What happened to Go Play?

Blog Post Disclaimer: These are the sentiments of a tired pregnant mother with two children in defiant stages. They do not reflect every day of our lives. But they do reflect today.

There is a bucket of clean laundry in almost every room of my house, waiting to be folded. Kids' clothes in the kids's room, adult clothes in my room, dish towels in the kitchen, and a load of diapers in the washer that should have been moved to the dryer 20 minutes ago. I had a thought this morning while I sat on the floor of the Discovery Museum going on the third hour. Well, after I cursed myself for forgetting my knitting, and then for not owning a smart phone, my internal monologue came up with this seemingly sweeping statement:

Something has gone significantly wrong in the evolution of play.
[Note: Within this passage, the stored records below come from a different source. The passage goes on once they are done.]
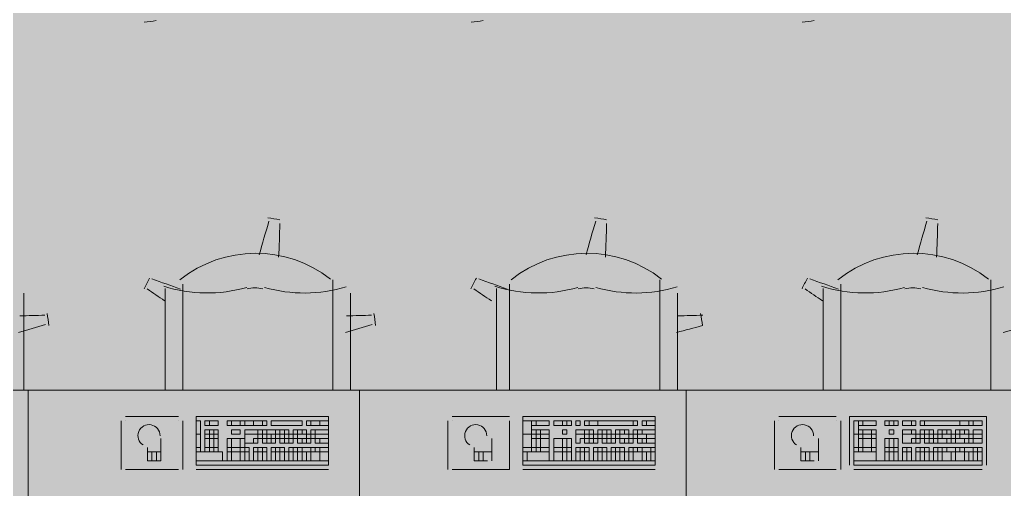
# Model space of a CAD drawing. Header units: millimetres. Extents: x 0 to 90.2, y 0 to 62.5.
# Drawn here: x 66.864 to 70.208, y 40.351 to 41.947 of the extents above; entities that cross this region are included whole.
import ezdxf

# ---------------------------------------------------------------- set-up
doc = ezdxf.new("R2010")
doc.units = ezdxf.units.MM
doc.layers.add('PDF_014405$FT-FIXFIT', color=7, linetype='Continuous')
doc.layers.add('PDF_014405$HL-TMP', color=7, linetype='Continuous', true_color=0xe6db59)

msp = doc.modelspace()

# ---------------------------------------------------------------- linework, layer by layer
at = {"layer": 'PDF_014405$FT-FIXFIT', "lineweight": 0}
for points in [[(67.4179, 40.6879), (67.4179, 41.0479)], [(67.9278, 41.0629), (67.9278, 40.6879)], [(68.5278, 40.6879), (68.5278, 41.0479)], [(69.0377, 41.0629), (69.0377, 40.6879)], [(69.6527, 40.6879), (69.6527, 41.0479)], [(70.1626, 41.0629), (70.1626, 40.6879)], [(66.8779, 40.6879), (66.8779, 41.0179)], [(67.3579, 41.0329), (67.3579, 40.6879)], [(67.9878, 40.6879), (67.9878, 41.0179)], [(68.4828, 41.0329), (68.4828, 40.6879)], [(69.0977, 40.6879), (69.0977, 41.0179)], [(69.5927, 41.0329), (69.5927, 40.6879)], [(67.2079, 40.5829), (67.2079, 40.4179)], [(67.4029, 40.5979), (67.2229, 40.5979)], [(67.2229, 40.5829), (67.2229, 40.5829)], [(67.4029, 40.5829), (67.4029, 40.5829)], [(67.4179, 40.4179), (67.4179, 40.5829)], [(67.9128, 40.4329), (67.9128, 40.5979), (67.4629, 40.5979), (67.4629, 40.4329)], [(68.3178, 40.5829), (68.3178, 40.4179)], [(68.5278, 40.5979), (68.3328, 40.5979)], [(68.3328, 40.5829), (68.3328, 40.5829)], [(68.3328, 40.4179), (68.5278, 40.4179), (68.5278, 40.5829)], [(69.0227, 40.4329), (69.0227, 40.5979), (68.5728, 40.5979), (68.5728, 40.4329)], [(69.4277, 40.5829), (69.4277, 40.4179)], [(69.6377, 40.5979), (69.4427, 40.5979)], [(69.4427, 40.5829), (69.4427, 40.5829)], [(69.6377, 40.5829), (69.6377, 40.5829)], [(69.6527, 40.4179), (69.6527, 40.5829)], [(70.1476, 40.4329), (70.1476, 40.5979), (69.6827, 40.5979), (69.6827, 40.4329)], [(67.2979, 40.4929), (67.2979, 40.4479), (67.3429, 40.4479), (67.3429, 40.5229)], [(68.4678, 40.4479), (68.4678, 40.5229)], [(69.5777, 40.4479), (69.5777, 40.5229)], [(67.3429, 40.4779), (67.2979, 40.4779)], [(67.3129, 40.4779), (67.3129, 40.4479)], [(67.3279, 40.4779), (67.3279, 40.4479)], [(68.4078, 40.4929), (68.4078, 40.4479), (68.4528, 40.4479)], [(68.4678, 40.4779), (68.4078, 40.4779)], [(68.4228, 40.4779), (68.4228, 40.4479)], [(68.4378, 40.4779), (68.4378, 40.4479)], [(69.5177, 40.4929), (69.5177, 40.4479), (69.5627, 40.4479)], [(69.5777, 40.4779), (69.5177, 40.4779)], [(69.5327, 40.4779), (69.5327, 40.4479)], [(69.5477, 40.4779), (69.5477, 40.4479)], [(67.2229, 40.4179), (67.2229, 40.4179)], [(67.2229, 40.4179), (67.4029, 40.4179)], [(67.4629, 40.4179), (67.9128, 40.4179)], [(68.3328, 40.4179), (68.3328, 40.4179)], [(68.5728, 40.4179), (69.0227, 40.4179)], [(69.4427, 40.4179), (69.4427, 40.4179)], [(69.4427, 40.4179), (69.6377, 40.4179)], [(69.6977, 40.4329), (69.6977, 40.4329)], [(69.6977, 40.4179), (70.1326, 40.4179)], [(70.1326, 40.4329), (70.1326, 40.4329)]]:
    msp.add_lwpolyline(points, dxfattribs=at)
msp.add_lwpolyline([(69.0949, 40.8841, 0.00719), (69.1828, 40.9071, 0.025003), (69.1764, 40.9478)], format="xyb", dxfattribs=at)
for points in [[(65.783, 40.6879), (66.8929, 40.6879), (66.8929, 39.473), (65.783, 39.473)], [(66.8929, 40.6879), (68.0178, 40.6879), (68.0178, 39.473), (66.8929, 39.473)], [(68.0178, 40.6879), (69.1277, 40.6879), (69.1277, 39.473), (68.0178, 39.473)], [(69.1277, 40.6879), (70.2376, 40.6879), (70.2376, 39.473), (69.1277, 39.473)], [(67.4779, 40.5829), (67.4629, 40.5829), (67.4629, 40.5379), (67.4779, 40.5379)], [(67.5079, 40.5829), (67.4929, 40.5829), (67.4929, 40.5679), (67.5079, 40.5679)], [(67.5379, 40.5829), (67.5079, 40.5829), (67.5079, 40.5679), (67.5379, 40.5679)], [(67.5829, 40.5829), (67.5679, 40.5829), (67.5679, 40.5679), (67.5829, 40.5679)], [(67.6129, 40.5829), (67.5829, 40.5829), (67.5829, 40.5679), (67.6129, 40.5679)], [(67.6279, 40.5829), (67.6129, 40.5829), (67.6129, 40.5679), (67.6279, 40.5679)], [(67.6279, 40.5829), (67.6579, 40.5829), (67.6579, 40.5679), (67.6279, 40.5679)], [(67.6579, 40.5829), (67.6879, 40.5829), (67.6879, 40.5679), (67.6579, 40.5679)], [(67.6879, 40.5829), (67.7029, 40.5829), (67.7029, 40.5679), (67.6879, 40.5679)], [(67.8228, 40.5829), (67.7179, 40.5829), (67.7179, 40.5679), (67.8228, 40.5679)], [(67.8528, 40.5829), (67.8378, 40.5829), (67.8378, 40.5679), (67.8528, 40.5679)], [(67.8828, 40.5829), (67.8528, 40.5829), (67.8528, 40.5679), (67.8828, 40.5679)], [(67.9128, 40.5829), (67.8828, 40.5829), (67.8828, 40.5679), (67.9128, 40.5679)], [(68.6028, 40.5829), (68.5728, 40.5829), (68.5728, 40.5379), (68.6028, 40.5379)], [(68.6178, 40.5829), (68.6028, 40.5829), (68.6028, 40.5679), (68.6178, 40.5679)], [(68.6628, 40.5829), (68.6178, 40.5829), (68.6178, 40.5679), (68.6628, 40.5679)], [(68.7078, 40.5829), (68.6778, 40.5829), (68.6778, 40.5679), (68.7078, 40.5679)], [(68.7228, 40.5829), (68.7078, 40.5829), (68.7078, 40.5679), (68.7228, 40.5679)], [(68.7378, 40.5829), (68.7228, 40.5829), (68.7228, 40.5679), (68.7378, 40.5679)], [(68.7528, 40.5829), (68.7678, 40.5829), (68.7678, 40.5679), (68.7528, 40.5679)], [(68.7828, 40.5829), (68.7978, 40.5829), (68.7978, 40.5679), (68.7828, 40.5679)], [(68.7978, 40.5829), (68.8278, 40.5829), (68.8278, 40.5679), (68.7978, 40.5679)], [(68.9477, 40.5829), (68.8278, 40.5829), (68.8278, 40.5679), (68.9477, 40.5679)], [(68.9627, 40.5829), (68.9477, 40.5829), (68.9477, 40.5679), (68.9627, 40.5679)], [(68.9927, 40.5829), (68.9777, 40.5829), (68.9777, 40.5679), (68.9927, 40.5679)], [(69.0227, 40.5829), (68.9927, 40.5829), (68.9927, 40.5679), (69.0227, 40.5679)], [(69.7127, 40.5829), (69.6977, 40.5829), (69.6977, 40.5379), (69.7127, 40.5379)], [(69.7277, 40.5829), (69.7127, 40.5829), (69.7127, 40.5679), (69.7277, 40.5679)], [(69.7727, 40.5829), (69.7277, 40.5829), (69.7277, 40.5679), (69.7727, 40.5679)], [(69.8177, 40.5829), (69.8027, 40.5829), (69.8027, 40.5679), (69.8177, 40.5679)], [(69.8327, 40.5829), (69.8177, 40.5829), (69.8177, 40.5679), (69.8327, 40.5679)], [(69.8477, 40.5829), (69.8327, 40.5829), (69.8327, 40.5679), (69.8477, 40.5679)], [(69.8627, 40.5829), (69.8927, 40.5829), (69.8927, 40.5679), (69.8627, 40.5679)], [(69.8927, 40.5829), (69.9077, 40.5829), (69.9077, 40.5679), (69.8927, 40.5679)], [(69.9227, 40.5829), (69.9377, 40.5829), (69.9377, 40.5679), (69.9227, 40.5679)], [(70.0576, 40.5829), (69.9377, 40.5829), (69.9377, 40.5679), (70.0576, 40.5679)], [(70.0876, 40.5829), (70.0576, 40.5829), (70.0576, 40.5679), (70.0876, 40.5679)], [(70.1026, 40.5829), (70.0876, 40.5829), (70.0876, 40.5679), (70.1026, 40.5679)], [(70.1326, 40.5829), (70.1026, 40.5829), (70.1026, 40.5679), (70.1326, 40.5679)], [(67.4779, 40.5379), (67.4629, 40.5379), (67.4629, 40.4929), (67.4779, 40.4929)], [(67.5079, 40.5529), (67.4929, 40.5529), (67.4929, 40.5379), (67.5079, 40.5379)], [(67.5079, 40.5379), (67.4929, 40.5379), (67.4929, 40.5229), (67.5079, 40.5229)], [(67.5229, 40.5529), (67.5079, 40.5529), (67.5079, 40.5379), (67.5229, 40.5379)], [(67.5229, 40.5379), (67.5079, 40.5379), (67.5079, 40.5229), (67.5229, 40.5229)], [(67.5379, 40.5529), (67.5229, 40.5529), (67.5229, 40.5379), (67.5379, 40.5379)], [(67.5379, 40.5379), (67.5229, 40.5379), (67.5229, 40.5229), (67.5379, 40.5229)], [(67.6129, 40.5529), (67.5829, 40.5529), (67.5829, 40.5379), (67.6129, 40.5379)], [(67.6729, 40.5529), (67.6279, 40.5529), (67.6279, 40.5379), (67.6729, 40.5379)], [(67.6579, 40.5379), (67.6279, 40.5379), (67.6279, 40.5079), (67.6579, 40.5079), (67.6579, 40.5229), (67.6729, 40.5229), (67.6729, 40.5379)], [(67.6879, 40.5529), (67.6729, 40.5529), (67.6729, 40.5379), (67.6879, 40.5379)], [(67.6879, 40.5379), (67.6729, 40.5379), (67.6729, 40.5229), (67.6879, 40.5229)], [(67.7029, 40.5529), (67.6879, 40.5529), (67.6879, 40.5379), (67.7029, 40.5379)], [(67.7329, 40.5529), (67.7029, 40.5529), (67.7029, 40.5379), (67.7329, 40.5379)], [(67.7179, 40.5379), (67.7029, 40.5379), (67.7029, 40.5229), (67.7179, 40.5229)], [(67.7329, 40.5379), (67.7179, 40.5379), (67.7179, 40.5229), (67.7329, 40.5229)], [(67.7478, 40.5529), (67.7329, 40.5529), (67.7329, 40.5379), (67.7478, 40.5379)], [(67.7478, 40.5379), (67.7329, 40.5379), (67.7329, 40.5229), (67.7478, 40.5229)], [(67.7628, 40.5529), (67.7478, 40.5529), (67.7478, 40.5379), (67.7628, 40.5379)], [(67.7778, 40.5529), (67.7628, 40.5529), (67.7628, 40.5379), (67.7778, 40.5379)], [(67.7778, 40.5379), (67.7628, 40.5379), (67.7628, 40.5229), (67.7778, 40.5229)], [(67.7928, 40.5379), (67.7778, 40.5379), (67.7778, 40.5229), (67.7928, 40.5229)], [(67.8078, 40.5529), (67.7928, 40.5529), (67.7928, 40.5379), (67.8078, 40.5379)], [(67.8078, 40.5379), (67.7928, 40.5379), (67.7928, 40.5229), (67.8078, 40.5229)], [(67.8228, 40.5529), (67.8078, 40.5529), (67.8078, 40.5379), (67.8228, 40.5379)], [(67.8378, 40.5379), (67.8078, 40.5379), (67.8078, 40.5229), (67.8378, 40.5229)], [(67.8378, 40.5529), (67.8228, 40.5529), (67.8228, 40.5379), (67.8378, 40.5379)], [(67.8528, 40.5379), (67.8378, 40.5379), (67.8378, 40.5229), (67.8528, 40.5229)], [(67.8678, 40.5529), (67.8528, 40.5529), (67.8528, 40.5379), (67.8678, 40.5379)], [(67.8678, 40.5379), (67.8528, 40.5379), (67.8528, 40.5229), (67.8678, 40.5229)], [(67.9128, 40.5529), (67.8678, 40.5529), (67.8678, 40.5379), (67.9128, 40.5379)], [(67.9128, 40.5379), (67.8678, 40.5379), (67.8678, 40.5229), (67.9128, 40.5229)], [(68.6028, 40.5379), (68.5728, 40.5379), (68.5728, 40.4929), (68.6028, 40.4929)], [(68.6178, 40.5529), (68.6028, 40.5529), (68.6028, 40.5379), (68.6178, 40.5379)], [(68.6178, 40.5379), (68.6028, 40.5379), (68.6028, 40.5229), (68.6178, 40.5229)], [(68.6328, 40.5529), (68.6178, 40.5529), (68.6178, 40.5379), (68.6328, 40.5379)], [(68.6328, 40.5379), (68.6178, 40.5379), (68.6178, 40.5229), (68.6328, 40.5229)], [(68.6628, 40.5529), (68.6328, 40.5529), (68.6328, 40.5379), (68.6628, 40.5379)], [(68.6628, 40.5379), (68.6328, 40.5379), (68.6328, 40.5229), (68.6628, 40.5229)], [(68.7228, 40.5529), (68.7078, 40.5529), (68.7078, 40.5379), (68.7228, 40.5379)], [(68.7828, 40.5529), (68.7528, 40.5529), (68.7528, 40.5379), (68.7828, 40.5379)], [(68.7678, 40.5379), (68.7528, 40.5379), (68.7528, 40.5079), (68.7678, 40.5079), (68.7678, 40.5229), (68.7828, 40.5229), (68.7828, 40.5379)], [(68.7978, 40.5529), (68.7828, 40.5529), (68.7828, 40.5379), (68.7978, 40.5379)], [(68.8128, 40.5529), (68.7978, 40.5529), (68.7978, 40.5379), (68.8128, 40.5379)], [(68.8128, 40.5379), (68.7978, 40.5379), (68.7978, 40.5229), (68.8128, 40.5229)], [(68.8278, 40.5379), (68.8128, 40.5379), (68.8128, 40.5229), (68.8278, 40.5229)], [(68.8428, 40.5529), (68.8278, 40.5529), (68.8278, 40.5379), (68.8428, 40.5379)], [(68.8428, 40.5379), (68.8278, 40.5379), (68.8278, 40.5229), (68.8428, 40.5229)], [(68.8578, 40.5529), (68.8428, 40.5529), (68.8428, 40.5379), (68.8578, 40.5379)], [(68.8728, 40.5529), (68.8578, 40.5529), (68.8578, 40.5379), (68.8728, 40.5379)], [(68.8728, 40.5379), (68.8578, 40.5379), (68.8578, 40.5229), (68.8728, 40.5229)], [(68.8877, 40.5379), (68.8728, 40.5379), (68.8728, 40.5229), (68.8877, 40.5229)], [(68.9027, 40.5529), (68.8877, 40.5529), (68.8877, 40.5379), (68.9027, 40.5379)], [(68.9027, 40.5379), (68.8877, 40.5379), (68.8877, 40.5229), (68.9027, 40.5229)], [(68.9177, 40.5529), (68.9027, 40.5529), (68.9027, 40.5379), (68.9177, 40.5379)], [(68.9327, 40.5379), (68.9027, 40.5379), (68.9027, 40.5229), (68.9327, 40.5229)], [(68.9327, 40.5529), (68.9177, 40.5529), (68.9177, 40.5379), (68.9327, 40.5379)], [(68.9477, 40.5379), (68.9327, 40.5379), (68.9327, 40.5229), (68.9477, 40.5229)], [(68.9627, 40.5529), (68.9477, 40.5529), (68.9477, 40.5379), (68.9627, 40.5379)], [(68.9627, 40.5379), (68.9477, 40.5379), (68.9477, 40.5229), (68.9627, 40.5229)], [(68.9777, 40.5529), (68.9627, 40.5529), (68.9627, 40.5379), (68.9777, 40.5379)], [(68.9927, 40.5379), (68.9627, 40.5379), (68.9627, 40.5229), (68.9927, 40.5229)], [(69.0227, 40.5529), (68.9777, 40.5529), (68.9777, 40.5379), (69.0227, 40.5379)], [(69.0227, 40.5379), (68.9927, 40.5379), (68.9927, 40.5229), (69.0227, 40.5229)], [(69.7127, 40.5379), (69.6977, 40.5379), (69.6977, 40.4929), (69.7127, 40.4929)], [(69.7277, 40.5529), (69.7127, 40.5529), (69.7127, 40.5379), (69.7277, 40.5379)], [(69.7277, 40.5379), (69.7127, 40.5379), (69.7127, 40.5229), (69.7277, 40.5229)], [(69.7577, 40.5529), (69.7277, 40.5529), (69.7277, 40.5379), (69.7577, 40.5379)], [(69.7577, 40.5379), (69.7277, 40.5379), (69.7277, 40.5229), (69.7577, 40.5229)], [(69.7727, 40.5529), (69.7577, 40.5529), (69.7577, 40.5379), (69.7727, 40.5379)], [(69.7727, 40.5379), (69.7577, 40.5379), (69.7577, 40.5229), (69.7727, 40.5229)], [(69.8327, 40.5529), (69.8177, 40.5529), (69.8177, 40.5379), (69.8327, 40.5379)], [(69.8927, 40.5529), (69.8627, 40.5529), (69.8627, 40.5379), (69.8927, 40.5379)], [(69.8927, 40.5379), (69.8627, 40.5379), (69.8627, 40.5079), (69.8927, 40.5079), (69.8927, 40.5229), (69.9077, 40.5229), (69.9077, 40.5379)], [(69.9077, 40.5529), (69.8927, 40.5529), (69.8927, 40.5379), (69.9077, 40.5379)], [(69.9227, 40.5379), (69.9077, 40.5379), (69.9077, 40.5229), (69.9227, 40.5229)], [(69.9377, 40.5529), (69.9227, 40.5529), (69.9227, 40.5379), (69.9377, 40.5379)], [(69.9377, 40.5379), (69.9227, 40.5379), (69.9227, 40.5229), (69.9377, 40.5229)], [(69.9527, 40.5529), (69.9377, 40.5529), (69.9377, 40.5379), (69.9527, 40.5379)], [(69.9677, 40.5529), (69.9527, 40.5529), (69.9527, 40.5379), (69.9677, 40.5379)], [(69.9677, 40.5379), (69.9527, 40.5379), (69.9527, 40.5229), (69.9677, 40.5229)], [(69.9827, 40.5379), (69.9677, 40.5379), (69.9677, 40.5229), (69.9827, 40.5229)], [(69.9977, 40.5529), (69.9827, 40.5529), (69.9827, 40.5379), (69.9977, 40.5379)], [(69.9977, 40.5379), (69.9827, 40.5379), (69.9827, 40.5229), (69.9977, 40.5229)], [(70.0127, 40.5529), (69.9977, 40.5529), (69.9977, 40.5379), (70.0127, 40.5379)], [(70.0277, 40.5379), (69.9977, 40.5379), (69.9977, 40.5229), (70.0277, 40.5229)], [(70.0277, 40.5529), (70.0127, 40.5529), (70.0127, 40.5379), (70.0277, 40.5379)], [(70.0426, 40.5379), (70.0277, 40.5379), (70.0277, 40.5229), (70.0426, 40.5229)], [(70.0576, 40.5529), (70.0426, 40.5529), (70.0426, 40.5379), (70.0576, 40.5379)], [(70.0576, 40.5379), (70.0426, 40.5379), (70.0426, 40.5229), (70.0576, 40.5229)], [(70.0726, 40.5529), (70.0576, 40.5529), (70.0576, 40.5379), (70.0726, 40.5379)], [(70.0876, 40.5379), (70.0576, 40.5379), (70.0576, 40.5229), (70.0876, 40.5229)], [(70.0876, 40.5529), (70.0726, 40.5529), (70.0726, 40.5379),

Play, the researchers tell us, is how children learn to do everything. It also served a vital function in the pioneer or even the hunter-gatherer household. If children are happily playing, I posit, it means they are somewhere other than underfoot. Adults are therefore free to do the work that allows them and their progeny to survive. Work like gathering the raw inputs of food and turning them into edible nourishment. Work like maintaining the shelter and addressing needs of basic hygiene. You know, housework and crap. Those things need to get done if the children are to continue living.

And yet, here I am on the floor of the Discovery Museum (because there are no adult chairs, thank you heartless museum designers) and I'm here all the useful hours of the day, away from the laundry that must be folded and the food that must be cooked. I am doing nothing but watching my children play. Why? Because some theoretical meteor has pushed us out of our ancestral equilibrium. Now children's play is a thing that must be fostered, curated, and supervised by actively involved adults.

We have adapted to support the adaptation, rather than letting is support us.

What went wrong?

I may be waxing armchair evolutionary biologist here because I'm reading this book on the history of autoimmune disorders. Specifically, the book explains how environments with fewer bacteria seem to foster more allergic people. Thus, the reason that our kids can't have nuts in school these days is not because parents' over-protectiveness causes psychosomatic symptoms in their children (as Dan might argue). Allergy increases seem to be one result of our over-sterilized modern environment. Processed food inputs, increased vaccination, and less exposure to dirt and animals mean that children' insides do not contain the bacteria, viruses, and microorganisms they've been designed to contain.

Now I'm not prone to allergies myself, but the amount of unfolded laundry in my house seems to be giving me symptoms similar to Hay-fever.

Is there a simple cure to return my children to the self-sufficient playfulness of pioneer life? Is it fewer toys? Corporal punishment? A believable risk of starvation?

I'm tired of begging my kids to let me do housework. I'm tired of looking at them like little walking time-bombs of need. I'm tired of acting like a human television set, reading books for two hours a day, coming up with games they might like or craft projects they could try. I'm tired of packing lunches and snacks and juices and driving to places that hold zero interest to me because there needs to be something stimulating(!) and educational(!) to fill all those hours in the middle of the day. I'm just plain worn-our tired. Can't they just go and play?